Network structure based on ResNet, first first down-sampling operation of cancellation ResNet, eliminates maximum pond, uses convolution It operates to carry out down-sampling, the convolution kernel in ResNet is replaced, so that wisp information is retained, to improve detector to small And the detection performance of the target of dense distribution；Secondly, batch normalization is added in a network, data is made to become mean value 0, standard deviation For 1 distribution；Also, promote learning rate；Deep neural network model is trained.

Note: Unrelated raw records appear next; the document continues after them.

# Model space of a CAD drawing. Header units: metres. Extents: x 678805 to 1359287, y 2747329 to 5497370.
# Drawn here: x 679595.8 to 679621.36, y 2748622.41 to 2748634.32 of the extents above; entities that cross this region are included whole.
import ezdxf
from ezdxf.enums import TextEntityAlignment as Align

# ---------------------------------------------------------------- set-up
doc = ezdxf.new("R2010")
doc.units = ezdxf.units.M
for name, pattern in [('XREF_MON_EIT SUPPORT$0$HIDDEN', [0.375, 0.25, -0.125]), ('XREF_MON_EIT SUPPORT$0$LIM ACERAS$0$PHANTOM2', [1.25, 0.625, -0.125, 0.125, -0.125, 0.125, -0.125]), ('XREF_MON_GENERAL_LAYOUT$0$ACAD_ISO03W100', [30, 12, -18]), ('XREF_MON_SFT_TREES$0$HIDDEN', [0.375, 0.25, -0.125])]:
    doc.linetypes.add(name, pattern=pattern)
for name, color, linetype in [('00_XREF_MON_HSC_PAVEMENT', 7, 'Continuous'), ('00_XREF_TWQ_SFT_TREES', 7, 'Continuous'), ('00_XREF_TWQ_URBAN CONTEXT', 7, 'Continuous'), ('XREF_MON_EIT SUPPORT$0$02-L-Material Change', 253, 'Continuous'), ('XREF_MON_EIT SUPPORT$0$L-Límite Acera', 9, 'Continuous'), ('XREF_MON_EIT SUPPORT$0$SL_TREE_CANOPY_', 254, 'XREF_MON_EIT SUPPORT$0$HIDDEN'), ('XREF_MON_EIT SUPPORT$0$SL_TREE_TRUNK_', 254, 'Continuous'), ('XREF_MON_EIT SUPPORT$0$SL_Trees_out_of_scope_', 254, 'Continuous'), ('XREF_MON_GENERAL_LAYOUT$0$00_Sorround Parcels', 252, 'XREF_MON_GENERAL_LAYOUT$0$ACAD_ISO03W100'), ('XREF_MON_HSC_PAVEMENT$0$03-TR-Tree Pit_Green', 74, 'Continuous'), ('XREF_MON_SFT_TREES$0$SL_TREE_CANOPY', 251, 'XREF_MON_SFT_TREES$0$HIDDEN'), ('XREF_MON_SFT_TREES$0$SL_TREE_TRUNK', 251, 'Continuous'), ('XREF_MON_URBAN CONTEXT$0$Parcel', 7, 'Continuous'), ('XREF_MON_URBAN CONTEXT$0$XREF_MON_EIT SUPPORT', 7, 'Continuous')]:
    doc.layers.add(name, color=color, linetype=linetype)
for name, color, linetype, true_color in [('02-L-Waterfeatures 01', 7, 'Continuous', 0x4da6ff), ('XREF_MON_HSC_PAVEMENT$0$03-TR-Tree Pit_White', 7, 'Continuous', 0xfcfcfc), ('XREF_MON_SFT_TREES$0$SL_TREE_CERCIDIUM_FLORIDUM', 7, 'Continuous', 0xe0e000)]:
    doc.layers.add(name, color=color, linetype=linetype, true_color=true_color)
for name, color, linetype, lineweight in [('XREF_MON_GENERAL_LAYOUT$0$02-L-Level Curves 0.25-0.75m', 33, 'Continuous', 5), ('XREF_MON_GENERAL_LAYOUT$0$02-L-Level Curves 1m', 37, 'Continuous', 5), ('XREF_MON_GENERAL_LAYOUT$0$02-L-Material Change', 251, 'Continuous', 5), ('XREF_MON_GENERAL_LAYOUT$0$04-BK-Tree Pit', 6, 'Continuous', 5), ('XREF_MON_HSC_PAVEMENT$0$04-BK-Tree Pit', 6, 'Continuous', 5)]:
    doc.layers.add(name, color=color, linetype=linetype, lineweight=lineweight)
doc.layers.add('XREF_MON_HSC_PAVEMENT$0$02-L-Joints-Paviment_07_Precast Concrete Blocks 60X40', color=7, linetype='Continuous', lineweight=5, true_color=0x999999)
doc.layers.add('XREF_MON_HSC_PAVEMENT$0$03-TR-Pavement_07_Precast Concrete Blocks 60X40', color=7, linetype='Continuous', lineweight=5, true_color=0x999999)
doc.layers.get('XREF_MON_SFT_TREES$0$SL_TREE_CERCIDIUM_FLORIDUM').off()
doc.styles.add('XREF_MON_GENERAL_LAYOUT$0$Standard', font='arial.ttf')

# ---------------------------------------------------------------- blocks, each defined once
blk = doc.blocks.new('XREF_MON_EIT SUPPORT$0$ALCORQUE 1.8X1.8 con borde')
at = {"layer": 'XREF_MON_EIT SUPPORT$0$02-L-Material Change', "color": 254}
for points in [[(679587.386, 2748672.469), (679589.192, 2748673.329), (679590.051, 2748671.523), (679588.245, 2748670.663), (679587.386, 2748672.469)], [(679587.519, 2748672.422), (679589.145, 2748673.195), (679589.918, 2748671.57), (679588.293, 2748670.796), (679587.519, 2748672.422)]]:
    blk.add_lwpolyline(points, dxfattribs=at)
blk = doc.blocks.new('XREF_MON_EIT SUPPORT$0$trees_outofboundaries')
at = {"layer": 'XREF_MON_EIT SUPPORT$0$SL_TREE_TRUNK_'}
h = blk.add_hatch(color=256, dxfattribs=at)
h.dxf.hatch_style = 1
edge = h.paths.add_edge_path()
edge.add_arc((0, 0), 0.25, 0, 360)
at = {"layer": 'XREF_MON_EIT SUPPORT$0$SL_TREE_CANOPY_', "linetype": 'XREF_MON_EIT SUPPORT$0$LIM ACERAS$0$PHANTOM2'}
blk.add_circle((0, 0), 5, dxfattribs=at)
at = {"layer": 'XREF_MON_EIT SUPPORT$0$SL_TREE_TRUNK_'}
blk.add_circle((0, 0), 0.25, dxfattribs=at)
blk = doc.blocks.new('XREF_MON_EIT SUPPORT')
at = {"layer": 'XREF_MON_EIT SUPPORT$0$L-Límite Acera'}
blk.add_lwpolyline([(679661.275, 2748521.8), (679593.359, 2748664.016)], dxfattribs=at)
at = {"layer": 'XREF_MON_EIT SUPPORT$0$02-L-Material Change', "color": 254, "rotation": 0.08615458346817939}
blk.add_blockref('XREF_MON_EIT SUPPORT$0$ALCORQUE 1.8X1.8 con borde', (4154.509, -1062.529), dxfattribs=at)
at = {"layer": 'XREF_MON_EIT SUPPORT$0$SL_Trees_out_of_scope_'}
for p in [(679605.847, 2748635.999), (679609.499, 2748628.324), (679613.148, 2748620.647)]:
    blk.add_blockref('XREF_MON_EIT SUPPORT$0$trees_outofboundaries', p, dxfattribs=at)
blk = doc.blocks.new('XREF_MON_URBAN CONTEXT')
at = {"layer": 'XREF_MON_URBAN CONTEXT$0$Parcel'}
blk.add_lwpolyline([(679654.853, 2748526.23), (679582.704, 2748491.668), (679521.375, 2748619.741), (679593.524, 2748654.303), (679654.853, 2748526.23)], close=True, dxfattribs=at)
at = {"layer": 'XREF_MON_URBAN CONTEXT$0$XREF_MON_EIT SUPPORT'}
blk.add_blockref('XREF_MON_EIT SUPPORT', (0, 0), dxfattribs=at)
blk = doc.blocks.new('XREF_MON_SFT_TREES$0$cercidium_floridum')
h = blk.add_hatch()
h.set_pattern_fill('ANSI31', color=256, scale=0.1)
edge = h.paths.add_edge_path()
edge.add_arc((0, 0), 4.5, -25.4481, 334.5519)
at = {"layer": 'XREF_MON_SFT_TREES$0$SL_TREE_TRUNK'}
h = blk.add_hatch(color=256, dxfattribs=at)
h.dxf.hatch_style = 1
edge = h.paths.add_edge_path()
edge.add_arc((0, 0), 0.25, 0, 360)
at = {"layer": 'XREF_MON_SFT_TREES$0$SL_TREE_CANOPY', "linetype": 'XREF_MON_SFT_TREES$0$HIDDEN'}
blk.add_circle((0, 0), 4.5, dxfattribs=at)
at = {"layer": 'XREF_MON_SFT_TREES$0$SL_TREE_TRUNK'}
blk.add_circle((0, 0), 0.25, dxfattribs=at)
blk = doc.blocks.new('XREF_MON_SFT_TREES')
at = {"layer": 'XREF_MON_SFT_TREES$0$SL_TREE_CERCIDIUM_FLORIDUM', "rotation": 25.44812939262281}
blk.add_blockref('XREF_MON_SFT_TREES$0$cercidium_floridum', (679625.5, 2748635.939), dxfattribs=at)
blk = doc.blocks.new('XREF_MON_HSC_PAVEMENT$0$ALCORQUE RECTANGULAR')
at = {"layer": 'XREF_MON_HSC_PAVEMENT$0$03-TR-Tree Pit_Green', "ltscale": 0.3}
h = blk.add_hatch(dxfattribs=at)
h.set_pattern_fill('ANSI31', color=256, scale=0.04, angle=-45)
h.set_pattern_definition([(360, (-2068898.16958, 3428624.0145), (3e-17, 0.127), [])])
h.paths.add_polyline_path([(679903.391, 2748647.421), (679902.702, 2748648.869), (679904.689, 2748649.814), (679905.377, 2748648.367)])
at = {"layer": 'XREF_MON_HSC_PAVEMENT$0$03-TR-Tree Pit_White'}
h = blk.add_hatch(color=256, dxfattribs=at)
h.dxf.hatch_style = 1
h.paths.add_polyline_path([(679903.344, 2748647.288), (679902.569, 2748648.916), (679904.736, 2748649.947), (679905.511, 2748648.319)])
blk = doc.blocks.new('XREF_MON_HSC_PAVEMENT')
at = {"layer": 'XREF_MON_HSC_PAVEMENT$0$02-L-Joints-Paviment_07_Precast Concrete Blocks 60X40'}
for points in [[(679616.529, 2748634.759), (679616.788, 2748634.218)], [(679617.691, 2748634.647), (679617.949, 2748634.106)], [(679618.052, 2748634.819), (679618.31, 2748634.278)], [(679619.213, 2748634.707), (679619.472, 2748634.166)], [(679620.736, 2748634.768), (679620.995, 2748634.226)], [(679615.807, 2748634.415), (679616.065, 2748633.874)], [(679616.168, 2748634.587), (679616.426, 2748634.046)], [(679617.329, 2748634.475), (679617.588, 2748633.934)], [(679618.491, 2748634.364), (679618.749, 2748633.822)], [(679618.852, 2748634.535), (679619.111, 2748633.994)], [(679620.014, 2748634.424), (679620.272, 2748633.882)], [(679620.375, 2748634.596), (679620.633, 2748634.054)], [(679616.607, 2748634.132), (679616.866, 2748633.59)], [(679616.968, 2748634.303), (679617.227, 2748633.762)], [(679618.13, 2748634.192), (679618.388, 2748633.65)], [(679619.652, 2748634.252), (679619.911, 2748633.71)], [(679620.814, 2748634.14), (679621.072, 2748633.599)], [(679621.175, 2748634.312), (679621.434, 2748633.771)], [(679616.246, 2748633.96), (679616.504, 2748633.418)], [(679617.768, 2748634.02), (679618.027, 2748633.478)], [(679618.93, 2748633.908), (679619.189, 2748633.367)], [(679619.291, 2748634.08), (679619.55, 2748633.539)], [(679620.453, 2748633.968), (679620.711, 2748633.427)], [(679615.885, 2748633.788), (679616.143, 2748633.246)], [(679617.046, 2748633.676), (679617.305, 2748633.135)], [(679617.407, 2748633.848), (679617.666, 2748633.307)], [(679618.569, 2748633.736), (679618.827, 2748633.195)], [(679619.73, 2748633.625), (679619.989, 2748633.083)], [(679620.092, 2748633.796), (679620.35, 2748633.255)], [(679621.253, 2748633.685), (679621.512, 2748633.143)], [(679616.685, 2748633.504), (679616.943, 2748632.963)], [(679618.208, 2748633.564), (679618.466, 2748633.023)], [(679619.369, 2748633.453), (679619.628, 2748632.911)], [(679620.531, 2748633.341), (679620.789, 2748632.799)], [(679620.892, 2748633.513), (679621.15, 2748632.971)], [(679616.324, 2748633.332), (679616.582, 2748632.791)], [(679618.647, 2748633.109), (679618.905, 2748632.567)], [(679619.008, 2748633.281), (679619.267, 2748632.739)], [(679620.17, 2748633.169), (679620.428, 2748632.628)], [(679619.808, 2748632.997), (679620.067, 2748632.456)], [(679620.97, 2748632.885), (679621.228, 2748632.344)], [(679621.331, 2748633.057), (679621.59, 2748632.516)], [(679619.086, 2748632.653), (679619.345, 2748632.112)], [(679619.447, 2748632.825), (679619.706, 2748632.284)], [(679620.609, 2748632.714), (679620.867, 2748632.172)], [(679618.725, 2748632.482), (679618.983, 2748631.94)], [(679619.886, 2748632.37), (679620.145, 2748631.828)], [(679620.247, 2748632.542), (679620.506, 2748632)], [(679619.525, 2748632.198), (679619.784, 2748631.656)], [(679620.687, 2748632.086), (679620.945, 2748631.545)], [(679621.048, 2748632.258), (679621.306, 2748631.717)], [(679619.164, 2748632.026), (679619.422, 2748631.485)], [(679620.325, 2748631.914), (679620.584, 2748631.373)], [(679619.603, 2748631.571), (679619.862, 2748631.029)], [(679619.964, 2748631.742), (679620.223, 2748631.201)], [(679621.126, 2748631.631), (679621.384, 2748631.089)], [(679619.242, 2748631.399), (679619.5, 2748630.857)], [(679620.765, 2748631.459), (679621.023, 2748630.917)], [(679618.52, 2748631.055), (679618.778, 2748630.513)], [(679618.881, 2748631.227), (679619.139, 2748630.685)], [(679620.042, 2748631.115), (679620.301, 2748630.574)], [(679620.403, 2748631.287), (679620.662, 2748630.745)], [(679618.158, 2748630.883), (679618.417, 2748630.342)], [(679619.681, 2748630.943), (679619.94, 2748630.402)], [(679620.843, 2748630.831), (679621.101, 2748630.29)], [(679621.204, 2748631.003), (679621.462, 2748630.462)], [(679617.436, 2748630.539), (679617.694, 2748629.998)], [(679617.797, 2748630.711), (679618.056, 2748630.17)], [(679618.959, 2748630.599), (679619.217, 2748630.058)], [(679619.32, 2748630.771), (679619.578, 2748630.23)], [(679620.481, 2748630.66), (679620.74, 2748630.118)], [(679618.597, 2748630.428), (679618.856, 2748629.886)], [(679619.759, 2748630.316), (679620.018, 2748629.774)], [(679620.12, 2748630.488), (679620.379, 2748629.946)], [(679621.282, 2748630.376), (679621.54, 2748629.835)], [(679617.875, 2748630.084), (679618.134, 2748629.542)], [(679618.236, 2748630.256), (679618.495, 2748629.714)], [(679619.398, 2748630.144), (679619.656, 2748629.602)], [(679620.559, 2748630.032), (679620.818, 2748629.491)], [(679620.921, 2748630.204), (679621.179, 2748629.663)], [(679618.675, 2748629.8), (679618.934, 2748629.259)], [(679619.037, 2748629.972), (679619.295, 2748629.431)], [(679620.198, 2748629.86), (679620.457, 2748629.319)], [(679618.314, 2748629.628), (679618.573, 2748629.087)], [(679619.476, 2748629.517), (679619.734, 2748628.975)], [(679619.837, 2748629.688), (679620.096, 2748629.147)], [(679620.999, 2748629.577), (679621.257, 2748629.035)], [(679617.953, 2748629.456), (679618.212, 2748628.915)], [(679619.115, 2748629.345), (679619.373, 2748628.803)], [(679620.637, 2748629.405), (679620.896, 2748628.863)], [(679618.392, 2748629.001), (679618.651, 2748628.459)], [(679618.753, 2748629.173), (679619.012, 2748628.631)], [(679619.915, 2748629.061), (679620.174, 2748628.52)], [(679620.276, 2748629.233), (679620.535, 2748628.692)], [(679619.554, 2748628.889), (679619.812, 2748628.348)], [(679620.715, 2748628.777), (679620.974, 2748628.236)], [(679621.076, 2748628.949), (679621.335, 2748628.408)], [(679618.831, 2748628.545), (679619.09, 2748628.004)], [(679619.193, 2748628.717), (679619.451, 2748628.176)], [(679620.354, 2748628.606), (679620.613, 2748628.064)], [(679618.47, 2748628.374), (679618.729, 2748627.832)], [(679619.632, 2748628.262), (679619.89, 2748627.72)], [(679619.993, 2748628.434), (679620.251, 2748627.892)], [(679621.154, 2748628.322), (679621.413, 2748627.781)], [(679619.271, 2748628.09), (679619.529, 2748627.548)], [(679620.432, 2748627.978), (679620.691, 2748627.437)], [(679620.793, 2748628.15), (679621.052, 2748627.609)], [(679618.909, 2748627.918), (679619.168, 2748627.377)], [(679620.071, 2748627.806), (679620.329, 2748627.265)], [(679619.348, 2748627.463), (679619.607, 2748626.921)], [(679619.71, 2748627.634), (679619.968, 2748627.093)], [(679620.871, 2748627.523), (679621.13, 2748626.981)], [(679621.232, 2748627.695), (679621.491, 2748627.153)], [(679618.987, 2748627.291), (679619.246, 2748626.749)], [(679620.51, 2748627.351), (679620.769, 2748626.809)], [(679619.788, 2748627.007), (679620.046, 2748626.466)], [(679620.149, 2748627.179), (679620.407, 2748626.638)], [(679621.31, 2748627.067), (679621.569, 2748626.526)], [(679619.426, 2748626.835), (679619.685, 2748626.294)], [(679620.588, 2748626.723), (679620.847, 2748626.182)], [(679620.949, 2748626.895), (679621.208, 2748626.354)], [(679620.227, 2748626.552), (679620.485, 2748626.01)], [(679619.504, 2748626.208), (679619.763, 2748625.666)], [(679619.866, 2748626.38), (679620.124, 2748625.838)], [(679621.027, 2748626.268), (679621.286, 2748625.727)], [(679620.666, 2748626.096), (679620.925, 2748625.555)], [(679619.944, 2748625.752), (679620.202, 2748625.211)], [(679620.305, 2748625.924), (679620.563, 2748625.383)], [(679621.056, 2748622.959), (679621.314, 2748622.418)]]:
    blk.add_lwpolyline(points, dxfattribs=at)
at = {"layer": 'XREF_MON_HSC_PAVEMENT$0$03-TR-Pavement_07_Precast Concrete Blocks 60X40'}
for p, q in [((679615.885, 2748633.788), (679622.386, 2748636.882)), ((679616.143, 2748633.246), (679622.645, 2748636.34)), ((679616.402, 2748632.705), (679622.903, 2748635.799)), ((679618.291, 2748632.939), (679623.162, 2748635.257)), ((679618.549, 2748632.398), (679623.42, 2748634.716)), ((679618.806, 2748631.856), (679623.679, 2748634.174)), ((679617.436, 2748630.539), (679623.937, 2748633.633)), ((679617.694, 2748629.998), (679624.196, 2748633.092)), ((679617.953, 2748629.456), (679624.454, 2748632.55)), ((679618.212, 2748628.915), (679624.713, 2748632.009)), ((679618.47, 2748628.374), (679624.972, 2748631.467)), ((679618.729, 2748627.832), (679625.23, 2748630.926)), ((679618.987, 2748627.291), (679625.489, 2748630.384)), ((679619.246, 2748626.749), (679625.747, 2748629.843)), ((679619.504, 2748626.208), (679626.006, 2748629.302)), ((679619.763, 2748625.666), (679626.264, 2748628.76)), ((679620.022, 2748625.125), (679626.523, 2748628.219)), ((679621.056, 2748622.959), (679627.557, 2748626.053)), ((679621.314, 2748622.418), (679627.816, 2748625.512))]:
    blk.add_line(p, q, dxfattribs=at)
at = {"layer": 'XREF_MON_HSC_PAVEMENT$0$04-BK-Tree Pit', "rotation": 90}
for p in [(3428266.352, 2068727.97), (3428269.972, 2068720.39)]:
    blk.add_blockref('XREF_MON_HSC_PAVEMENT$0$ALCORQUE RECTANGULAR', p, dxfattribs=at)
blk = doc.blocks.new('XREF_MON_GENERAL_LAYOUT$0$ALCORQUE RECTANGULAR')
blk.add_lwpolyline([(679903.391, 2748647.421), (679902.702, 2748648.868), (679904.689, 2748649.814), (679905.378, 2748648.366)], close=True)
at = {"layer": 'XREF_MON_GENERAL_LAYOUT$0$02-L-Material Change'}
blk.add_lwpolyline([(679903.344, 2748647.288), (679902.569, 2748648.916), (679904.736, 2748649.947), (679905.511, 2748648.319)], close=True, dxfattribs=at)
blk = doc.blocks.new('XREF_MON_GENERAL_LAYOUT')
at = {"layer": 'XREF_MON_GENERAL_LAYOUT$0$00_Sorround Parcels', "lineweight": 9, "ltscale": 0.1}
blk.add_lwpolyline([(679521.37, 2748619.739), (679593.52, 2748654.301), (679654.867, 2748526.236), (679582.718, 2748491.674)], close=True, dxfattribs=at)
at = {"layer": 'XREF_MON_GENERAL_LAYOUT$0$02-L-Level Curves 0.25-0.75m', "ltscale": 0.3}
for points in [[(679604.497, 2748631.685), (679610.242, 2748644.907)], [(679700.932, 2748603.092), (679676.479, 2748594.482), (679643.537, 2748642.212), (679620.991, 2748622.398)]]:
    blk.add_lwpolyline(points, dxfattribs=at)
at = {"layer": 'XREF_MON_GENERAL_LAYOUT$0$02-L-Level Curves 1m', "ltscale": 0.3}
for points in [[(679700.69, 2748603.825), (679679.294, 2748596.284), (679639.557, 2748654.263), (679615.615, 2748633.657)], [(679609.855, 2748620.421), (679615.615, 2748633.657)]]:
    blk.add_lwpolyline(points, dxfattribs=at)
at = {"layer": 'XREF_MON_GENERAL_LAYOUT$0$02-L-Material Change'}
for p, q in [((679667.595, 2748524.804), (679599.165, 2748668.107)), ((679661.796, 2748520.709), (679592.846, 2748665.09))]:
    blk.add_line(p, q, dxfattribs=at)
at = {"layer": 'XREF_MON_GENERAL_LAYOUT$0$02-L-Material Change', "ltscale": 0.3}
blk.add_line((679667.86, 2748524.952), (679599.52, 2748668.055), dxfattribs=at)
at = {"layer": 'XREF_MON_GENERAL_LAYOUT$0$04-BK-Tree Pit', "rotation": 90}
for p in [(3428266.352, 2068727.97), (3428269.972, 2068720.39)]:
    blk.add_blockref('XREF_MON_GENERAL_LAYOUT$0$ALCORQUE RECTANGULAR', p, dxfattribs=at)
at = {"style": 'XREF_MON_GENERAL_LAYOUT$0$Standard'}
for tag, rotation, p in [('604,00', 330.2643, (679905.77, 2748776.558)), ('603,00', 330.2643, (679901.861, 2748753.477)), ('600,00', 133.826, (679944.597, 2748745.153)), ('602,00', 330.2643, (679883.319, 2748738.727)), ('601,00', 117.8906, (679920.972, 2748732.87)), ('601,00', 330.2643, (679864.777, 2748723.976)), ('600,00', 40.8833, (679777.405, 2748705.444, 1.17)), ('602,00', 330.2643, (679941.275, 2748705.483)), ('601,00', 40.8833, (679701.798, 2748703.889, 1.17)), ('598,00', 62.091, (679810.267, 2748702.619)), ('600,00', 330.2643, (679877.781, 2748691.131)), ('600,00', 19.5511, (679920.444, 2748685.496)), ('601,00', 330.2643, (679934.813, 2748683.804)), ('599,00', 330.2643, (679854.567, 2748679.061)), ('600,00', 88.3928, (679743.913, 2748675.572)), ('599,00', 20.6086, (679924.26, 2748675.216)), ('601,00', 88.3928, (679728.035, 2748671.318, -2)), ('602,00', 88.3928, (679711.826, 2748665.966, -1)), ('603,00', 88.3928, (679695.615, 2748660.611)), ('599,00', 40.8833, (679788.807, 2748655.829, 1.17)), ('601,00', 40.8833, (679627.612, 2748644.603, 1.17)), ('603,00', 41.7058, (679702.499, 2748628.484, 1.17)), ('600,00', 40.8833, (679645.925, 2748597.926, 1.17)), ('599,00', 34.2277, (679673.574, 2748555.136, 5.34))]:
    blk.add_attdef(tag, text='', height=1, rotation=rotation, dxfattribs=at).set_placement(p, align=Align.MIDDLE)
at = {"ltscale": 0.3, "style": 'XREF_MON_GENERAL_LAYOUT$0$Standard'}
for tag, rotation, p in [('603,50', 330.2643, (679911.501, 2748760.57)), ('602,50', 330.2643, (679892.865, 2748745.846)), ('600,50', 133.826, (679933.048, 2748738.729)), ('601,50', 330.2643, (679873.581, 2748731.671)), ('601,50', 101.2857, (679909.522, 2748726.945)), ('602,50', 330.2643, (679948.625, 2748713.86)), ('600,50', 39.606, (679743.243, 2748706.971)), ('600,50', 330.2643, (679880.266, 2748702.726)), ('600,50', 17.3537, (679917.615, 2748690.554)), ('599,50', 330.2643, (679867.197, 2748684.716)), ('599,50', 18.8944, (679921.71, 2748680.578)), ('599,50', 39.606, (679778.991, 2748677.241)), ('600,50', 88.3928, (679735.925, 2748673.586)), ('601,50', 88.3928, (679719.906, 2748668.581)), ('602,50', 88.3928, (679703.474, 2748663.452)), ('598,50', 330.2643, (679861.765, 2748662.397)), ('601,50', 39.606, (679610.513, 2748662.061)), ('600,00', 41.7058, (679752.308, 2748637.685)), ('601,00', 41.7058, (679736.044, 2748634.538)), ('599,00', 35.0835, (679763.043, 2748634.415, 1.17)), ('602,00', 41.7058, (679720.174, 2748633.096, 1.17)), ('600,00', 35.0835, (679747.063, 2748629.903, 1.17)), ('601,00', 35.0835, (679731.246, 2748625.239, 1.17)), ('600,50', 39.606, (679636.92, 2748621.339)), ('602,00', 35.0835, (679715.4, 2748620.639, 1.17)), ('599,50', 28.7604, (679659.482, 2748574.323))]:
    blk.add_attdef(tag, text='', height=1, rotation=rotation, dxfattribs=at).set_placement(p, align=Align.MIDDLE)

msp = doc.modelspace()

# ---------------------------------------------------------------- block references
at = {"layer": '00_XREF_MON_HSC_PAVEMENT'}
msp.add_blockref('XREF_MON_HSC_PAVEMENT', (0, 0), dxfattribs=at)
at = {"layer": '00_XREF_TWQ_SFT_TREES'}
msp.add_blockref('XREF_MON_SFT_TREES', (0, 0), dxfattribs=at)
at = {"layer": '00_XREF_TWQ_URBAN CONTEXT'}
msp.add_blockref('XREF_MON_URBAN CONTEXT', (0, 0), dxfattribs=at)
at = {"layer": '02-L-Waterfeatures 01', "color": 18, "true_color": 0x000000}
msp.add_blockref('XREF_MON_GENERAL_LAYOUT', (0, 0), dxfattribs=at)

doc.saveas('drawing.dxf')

4. the method for deep learning air remote sensing target detection according to claim 1, which is characterized in that described in step 3 Test process includes:

Using the deep neural network constructed in the Airborne Data Classification collection and step 2 built in step 1, carry out end to end Test:

1) picture to be detected is inputted, picture is input in sorter network to obtain various sizes of Feature Mapping；

2) wherein six layers of characteristic pattern is extracted, each point 6 different scale of construction respectively on these characteristic patterns are big later Small encirclement frame, is then detected and is classified respectively, and multiple encirclement frames are generated；

3) different characteristic figure encirclement frame obtained is removed a part overlapping or not just with non-maxima suppression method True encirclement frame generates final encirclement frame set；

4) result is evaluated and tested, FN: is judged as negative sample, but be in fact positive sample；FP: being judged as positive sample, but It in fact is negative sample；TN: being judged as negative sample, in fact and negative sample；TP: it is judged as positive sample, in fact It is card sample；It calculates accuracy rate P=TP/ (TP+FP), calculates recall rate R=TP/ (TP+FN).